2. Vous exercez dans cette Eglise des responsabilités diverses, vous avez reçu des dons variés, mais je souligne d’abord ce qui vous est commun. “Les dons de la grâce sont variés, mais c’est toujours le même Esprit. Les fonctions dans l’Eglise sont variées, mais c’est toujours le même Seigneur. Les activités sont variées, mais c’est toujours le même Dieu qui agit en tous” (1Co 12,4-6). Dans l’unique peuple de Dieu, il n’y a place pour “aucune inégalité qui viendrait de la race ou de la nation, de la condition sociale ou du sexe” (Cfr. Lumen Gentium LG 32). Vous avez accueilli la même foi de l’Eglise qui vous a révélé le même amour du Père pour chacun. Vous avez reçu le même baptême qui vous a fait entrer dans la vie nouvelle par la mort et la résurrection du Christ, et qui a fait de vous les membres de son Corps mystique.

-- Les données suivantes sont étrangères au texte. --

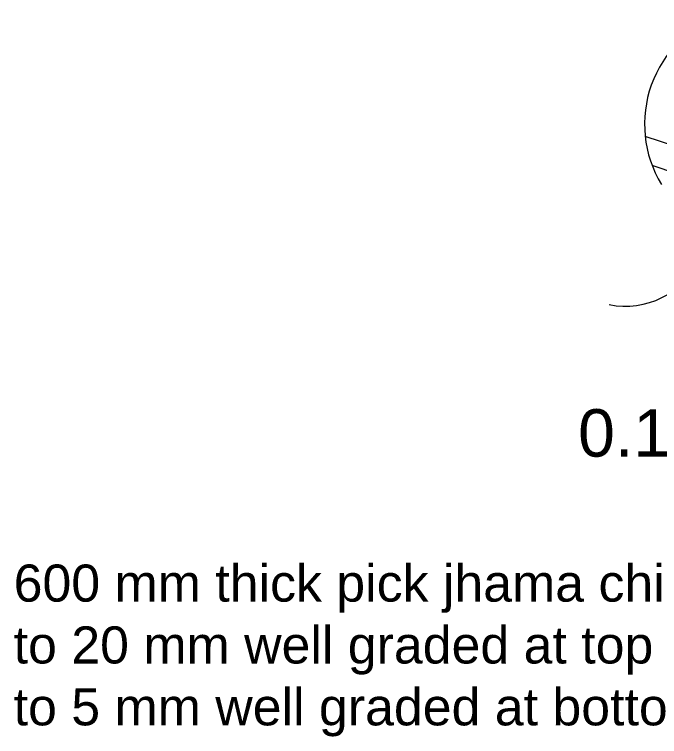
# Model space of a CAD drawing. Header units: inches. Extents: x -885 to 26362, y -28010 to 990.
# Drawn here: x 4426.97 to 4443.28, y -16617.23 to -16598.97 of the extents above; entities that cross this region are included whole.
import ezdxf

# ---------------------------------------------------------------- set-up
doc = ezdxf.new("R2010")
doc.units = ezdxf.units.IN
doc.header["$MEASUREMENT"] = 0
doc.header["$PDMODE"] = 3
doc.styles.add('dim', font='isocp.shx')
doc.styles.get("Standard").update_dxf_attribs({"font": 'arial.ttf'})
doc.dimstyles.new('STANDARD$0', dxfattribs={"dimscale": 0, "dimtxt": 8, "dimasz": 8, "dimexe": 4, "dimexo": 0, "dimgap": 2, "dimtad": 1, "dimdec": 0, "dimzin": 0, "dimdsep": 46, "dimtxsty": 'dim', "dimblk": 'DOTSMALL', "dimcen": 1, "dimclrd": 6, "dimclre": 6, "dimclrt": 256, "dimadec": 0, "dimazin": 0, "dimtfac": 1, "dimtdec": 0, "dimtix": 1, "dimtofl": 0, "dimtmove": 1, "dimatfit": 3, "dimldrblk": 'DOTSMALL', "dimfxl": 6, "dimtolj": 1, "dimtzin": 0, "dimarcsym": 0})

# ---------------------------------------------------------------- blocks, each defined once
blk = doc.blocks.new('*D46')
at = {"color": 0, "lineweight": -2, "ltscale": 0.5, "transparency": 16777216}
for p, q in [((4446.879, -16609.409), (4446.879, -16609.923)), ((4447.839, -16609.409), (4447.839, -16609.923)), ((4446.379, -16609.559), (4445.879, -16609.559)), ((4448.339, -16609.559), (4448.839, -16609.559))]:
    blk.add_line(p, q, dxfattribs=at)
at = {"color": 0, "linetype": 'Continuous', "ltscale": 0.5, "transparency": 16777216}
for points in [[(4446.379, -16609.475), (4446.379, -16609.642), (4446.879, -16609.559)], [(4448.339, -16609.475), (4448.339, -16609.642), (4447.839, -16609.559)]]:
    blk.add_solid(points, dxfattribs=at)
at = {"layer": 'Defpoints', "color": 0, "linetype": 'Continuous', "ltscale": 0.5, "transparency": 16777216}
for p in [(4447.839, -16608.098), (4446.879, -16609.11), (4446.879, -16609.559)]:
    blk.add_point(p, dxfattribs=at)
at = {"color": 0, "linetype": 'Continuous', "lineweight": 20, "ltscale": 0.5, "transparency": 16777216, "insert": (4443.548, -16609.559), "char_height": 1, "attachment_point": 5}
blk.add_mtext('\\A1;{\\H1.2x;0.15m}', dxfattribs=at)

msp = doc.modelspace()

# ---------------------------------------------------------------- linework, layer by layer
at = {"color": 0, "linetype": 'Continuous', "lineweight": 20, "ltscale": 0.5}
for p, q in [((4474.652735, -16612.634027), (4442.91679, -16602.055379)), ((4447.848931, -16604.374045), (4443.092023, -16602.788409))]:
    msp.add_line(p, q, dxfattribs=at)
for centre, radius, start, end in [((4445.845269, -16601.742777), 2.945116, 109.6265921, 211.1353627), ((4442.41542, -16604.265981), 2.08109, 258.6073122, 334.1381972)]:
    msp.add_arc(centre, radius, start, end, dxfattribs=at)

# ---------------------------------------------------------------- texts
at = {"color": 0, "linetype": 'Continuous', "lineweight": 20, "ltscale": 0.5, "insert": (4426.946679, -16612.878498), "char_height": 0.9384, "attachment_point": 1}
msp.add_mtext('600 mm thick pick jhama chips (40 mm\\Pto 20 mm well graded at top & 20 mm \\Pto 5 mm well graded at bottom) ', dxfattribs=at)

# ---------------------------------------------------------------- dimensions: what is measured, and where the dimension line sits
at = {"color": 0, "linetype": 'Continuous', "lineweight": 20, "ltscale": 0.5}
dim = msp.add_linear_dim(base=(4446.878647, -16609.558648), p1=(4447.838647, -16608.097568), p2=(4446.878647, -16609.110266), text='{\\H1.2x;0.15m}', dimstyle='STANDARD$0', override={"dimscale": 1, "dimtxt": 1, "dimasz": 0.5, "dimexe": 0.364, "dimexo": 0.219, "dimgap": 0.09, "dimtad": 0, "dimdec": 2, "dimpost": 'm', "dimtxsty": 'Standard', "dimcen": 0.09, "dimclrd": 0, "dimclre": 0, "dimclrt": 0, "dimtix": 0, "dimtmove": 0, "dimfxl": 0.15, "dimfxlon": 1}, dxfattribs=at)
dim.commit()
dim.dimension.update_dxf_attribs({"geometry": '*D46', "text_midpoint": (4443.547856, -16609.558648)})

doc.saveas('drawing.dxf')

Vous avez part au même Esprit Saint qui fait de vous son temple. Vous avez été adoptés par Dieu comme des fils et des filles. Vous êtes constamment sanctifiés par les mêmes sacrements; en particulier vous participez à la même Eucharistie pour vous offrir avec le Christ et recevoir le Pain de Vie qui est son Corps très saint, vous vous approchez de la même source du pardon dans le sacrement de la réconciliation. Vous possédez en germe la vie éternelle, appelée à l’épanouissement au Ciel. Vous avez la même destinée. Dans “la dignité et la liberté des fils de Dieu” (Cfr. ibid. LG 9), vous êtes tous appelés dès maintenant, par des voies et des états de vie différents, à la même sainteté, à la perfection qui est celle du Père (Cfr. ibid. LG 11). La valeur essentielle est, en chaque personne, sa réponse à la grâce, la sainteté que Dieu seul connaît en pleine lumière. La prière et la charité sont le fondement de votre vie chrétienne. Vous formez, comme saint Pierre le disait déjà, “une race élue, un sacerdoce royal, une nation sainte, un peuple que Dieu s’est acquis” (1P 2,9). Et vous avez tous l’honneur et le devoir de contribuer à édifier l’Eglise et de porter témoignage dans le monde où la Providence vous a placés.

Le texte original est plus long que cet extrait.